Siempre que planteo la cuestión del cuidado de sí, las prácticas de sí, el contento de sí emerge la sospecha de elitismo, solipsismo, individualismo, etc. Estamos tan tiranizados por mandatos y dicotomías brutales que ni siquiera podemos captar que necesitamos un cuerpo sano y una mente despierta para poder vivir, para vivir bien, para engendrar el deseo de cambiar el mundo junto a otros. El cuidado de sí es una práctica tan elemental como respirar y no requiere mayor sabiduría que la de reconocer qué aumenta y qué disminuye la potencia de obrar; saber práctico que atraviesa clases, géneros y edades, como he podido constatar por experiencia propia en innumerables oportunidades. Los primeros que ponen el grito en el cielo son, en general, los académicos o quienes portan saberes expertos, mandatos o consignas abstractas que nada quieren saber de un sujeto que pueda afirmar su potencia verdaderamente. Tendríamos que despertarnos de nuestros sueños dogmáticos, estamos a tiempo: nunca es tarde para ocuparse de sí.

II.

Entre tantas innovaciones técnicas y tecnológicas en las que transcurren nuestras vidas, a veces olvidamos lo más simple. Recuerdo que en un congreso de filosofía de la técnica propuse, inspirado por Foucault, dar vuelta la expresión del llamado: la técnica como filosofía, o la filosofía como “técnica de sí”. Me sigue gustando esa expresión, antes que “ejercicios espirituales” o “terapéutica de las pasiones”, con las cuales también se puede asociar la práctica filosófica a la que adscribo. Es un modo de salir de los debates circulares entre naturaleza y cultura, humanismo y poshumanismo, razón y afectos, ciencias duras o blandas, etc. La práctica filosófica entendida como técnica de sí muestra que el ser humano no existe en tanto tal, sino que se forma en un trabajo incesante de constitución en relación con la naturaleza, diversas especies, artefactos y saberes. Humano es lo que comprende que solo existimos en relación y que su singularidad se halla en esa indeterminación que lo caracteriza: un modo de responder ahí, cada vez más, ante múltiples y variadas afecciones. Esto último lo entendí mejor con Spinoza.

III.

La materialidad de la técnica que nos constituye no se contradice con la necesidad de discurso. Podemos afirmar incluso que todo es discurso, el asunto es qué discursos, enunciados o preceptos se asumen para constituirse en tanto sujeto de una verdad, que no es otra cosa que la puesta en práctica y ejercicio de esos discursos.
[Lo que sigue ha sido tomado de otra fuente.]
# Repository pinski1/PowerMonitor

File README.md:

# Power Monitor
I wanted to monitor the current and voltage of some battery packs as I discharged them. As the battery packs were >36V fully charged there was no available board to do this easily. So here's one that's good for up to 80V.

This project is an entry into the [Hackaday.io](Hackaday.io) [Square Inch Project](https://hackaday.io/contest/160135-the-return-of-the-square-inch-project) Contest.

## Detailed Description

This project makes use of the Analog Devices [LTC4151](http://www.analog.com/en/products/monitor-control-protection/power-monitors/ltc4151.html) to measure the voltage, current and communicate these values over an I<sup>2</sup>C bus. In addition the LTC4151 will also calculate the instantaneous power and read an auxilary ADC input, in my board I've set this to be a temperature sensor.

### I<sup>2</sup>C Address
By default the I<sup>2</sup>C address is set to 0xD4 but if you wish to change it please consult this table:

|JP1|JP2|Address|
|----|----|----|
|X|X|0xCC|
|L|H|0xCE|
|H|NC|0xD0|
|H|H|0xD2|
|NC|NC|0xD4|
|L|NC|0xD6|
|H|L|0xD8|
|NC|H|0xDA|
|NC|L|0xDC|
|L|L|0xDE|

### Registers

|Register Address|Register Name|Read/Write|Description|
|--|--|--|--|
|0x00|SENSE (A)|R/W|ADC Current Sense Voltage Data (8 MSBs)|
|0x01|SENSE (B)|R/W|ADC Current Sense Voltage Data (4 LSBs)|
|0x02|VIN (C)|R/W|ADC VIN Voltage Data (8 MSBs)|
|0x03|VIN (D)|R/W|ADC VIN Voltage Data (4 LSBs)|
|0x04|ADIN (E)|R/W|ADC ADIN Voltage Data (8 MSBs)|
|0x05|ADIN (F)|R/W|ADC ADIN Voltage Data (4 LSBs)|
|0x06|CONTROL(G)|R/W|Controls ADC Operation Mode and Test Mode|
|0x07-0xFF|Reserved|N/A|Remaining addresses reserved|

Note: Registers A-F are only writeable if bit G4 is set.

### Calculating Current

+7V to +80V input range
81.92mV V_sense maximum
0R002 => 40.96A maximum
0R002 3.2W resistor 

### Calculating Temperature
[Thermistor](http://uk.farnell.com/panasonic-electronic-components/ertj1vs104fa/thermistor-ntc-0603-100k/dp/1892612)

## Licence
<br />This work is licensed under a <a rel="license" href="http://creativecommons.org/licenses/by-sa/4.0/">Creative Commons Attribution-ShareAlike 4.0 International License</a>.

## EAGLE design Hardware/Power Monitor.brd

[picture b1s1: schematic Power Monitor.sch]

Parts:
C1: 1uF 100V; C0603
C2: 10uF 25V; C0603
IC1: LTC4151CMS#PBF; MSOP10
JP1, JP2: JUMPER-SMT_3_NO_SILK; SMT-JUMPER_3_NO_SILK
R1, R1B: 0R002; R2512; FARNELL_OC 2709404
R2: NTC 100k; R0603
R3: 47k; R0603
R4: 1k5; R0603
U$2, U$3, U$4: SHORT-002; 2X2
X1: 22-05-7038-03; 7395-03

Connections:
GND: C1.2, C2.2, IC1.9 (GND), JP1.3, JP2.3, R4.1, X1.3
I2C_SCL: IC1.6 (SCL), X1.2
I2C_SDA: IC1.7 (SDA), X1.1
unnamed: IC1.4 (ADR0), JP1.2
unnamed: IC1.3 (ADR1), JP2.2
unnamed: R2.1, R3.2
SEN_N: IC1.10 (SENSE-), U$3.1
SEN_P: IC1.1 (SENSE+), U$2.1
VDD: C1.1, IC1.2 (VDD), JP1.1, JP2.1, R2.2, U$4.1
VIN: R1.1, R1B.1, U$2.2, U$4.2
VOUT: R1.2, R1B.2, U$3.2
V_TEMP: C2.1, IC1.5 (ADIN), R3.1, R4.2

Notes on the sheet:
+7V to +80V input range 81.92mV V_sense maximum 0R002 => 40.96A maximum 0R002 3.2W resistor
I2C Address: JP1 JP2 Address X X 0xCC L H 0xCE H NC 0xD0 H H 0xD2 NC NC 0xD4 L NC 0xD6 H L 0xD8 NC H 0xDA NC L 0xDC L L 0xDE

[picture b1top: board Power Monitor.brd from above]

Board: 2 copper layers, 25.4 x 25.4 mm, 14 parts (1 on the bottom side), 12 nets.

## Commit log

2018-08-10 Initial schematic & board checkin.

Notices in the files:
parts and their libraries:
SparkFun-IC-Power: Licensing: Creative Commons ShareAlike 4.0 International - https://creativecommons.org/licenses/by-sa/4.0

Y cuando la práctica es la transmisión de saberes en torno a los discursos, no basta quedarse en ese nivel de constatación (o refinar el análisis hasta la obsesión), sino que se debe mostrar cómo la incorporación de ciertos discursos transforma a lo sujetos, incluidos los que dan o toman clases. La materialidad de los discursos que hacen a los sujetos no tiene nada de esencialista, pero tampoco es jugar con plastilina: hay que hacer cuerpo los enunciados. ¿Qué sentido tiene hablar de ontología discursiva si la palabra “onto-logía” ya implica la discursividad (logos) que afecta al ser? A no ser que se sostenga una reduplicación insensata del sentido: el discurso sobre el ser entendido (solo) como discurso. Mejor pensar en el ser de los sujetos y objetos en relaciones que exceden las estructuras discursivas, aunque nos sirvamos también de ellas para enunciarlas; esto nos conduce a las distintas prácticas de transformación y modos de implicación con los enunciados.

IV.

El cerebro es como un músculo: tiene cierta plasticidad, se entrena, hay que ejercitarlo. Por eso los pensamientos más difíciles no se logran de un día para el otro, hay que ir preparando el terreno con movimientos repetitivos, series alternadas, elongaciones graduales, variaciones coordinadas, etc. Las meditaciones y ejercicios espirituales cumplen esa función preparatoria para realizar pruebas o performances más complicadas. No basta con leer mucho y variado, o bien informarse, hay que ejercitarse en lecturas puntuales y encontrar las variaciones precisas acordes a nuestra propia constitución o complexión psíquico-afectiva. Poder asumir la muerte como parte de un proceso natural de transformación de la materia; no darle tanta importancia a nuestros problemas en función de considerar escalas temporales y espaciales que comprendan el conjunto universal y lo infinito; o alegrarnos por la simple posibilidad de existir; parecen pensamientos difíciles de sostener, pero son practicables de suyo.

V.

No hablo solo de cuidados en general, trato de ejercer el cuidado: que no haya abuso en el medio donde me constituyo como sujeto de habla, escritura, pensamiento. Invitar a lxs otrxs, interpelar a lxs otrxs a que respondan por lo que dicen, que lean y se comprometan en un proceso reflexivo, que no digan cualquier cosa, que no agredan o se crean que están en una competencia de opiniones. Poder decir que no, parar el automatismo idiotizante, cortar sin odio ni rencor, tomar la distancia necesaria sin cancelar completamente. Separar y distinguir los medios, relaciones y espacios. La transformación en lo cotidiano es posible en la medida que cada quien cultiva y se hace responsable por un espacio singular que no reproduce la normatividad de la violencia imperante. Por eso me permito elegir con quién juego y con quién no, en función de sus actos, sin rencor ni cancelación, con distanciamiento y corte.

VI.

Apenas estamos empezando a salir de lo más duro de la pandemia y lo peor que podríamos hacer es actuar como si no hubiese pasado nada; al contrario, tendríamos que abordar cada uno de nuestros actos como si todavía pendiese sobre nosotros el peligro inminente, teniendo presente el recuerdo de nuestros muertos, las imposibilidades prácticas y el temor a enfermar o morir. Con la consideración en simultáneo de esa gravedad, por un lado, cada acto y cada gesto (encuentro, escritura, juego, proyecto, voto, etc.) cobrarán su verdadera dimensión, por otro. No habrá retorno a ninguna normalidad, pero en este tiempo de excepcionalidades varias podemos elegir vivir de la mejor manera posible: una en la que cada acto cuente como si fuese el último.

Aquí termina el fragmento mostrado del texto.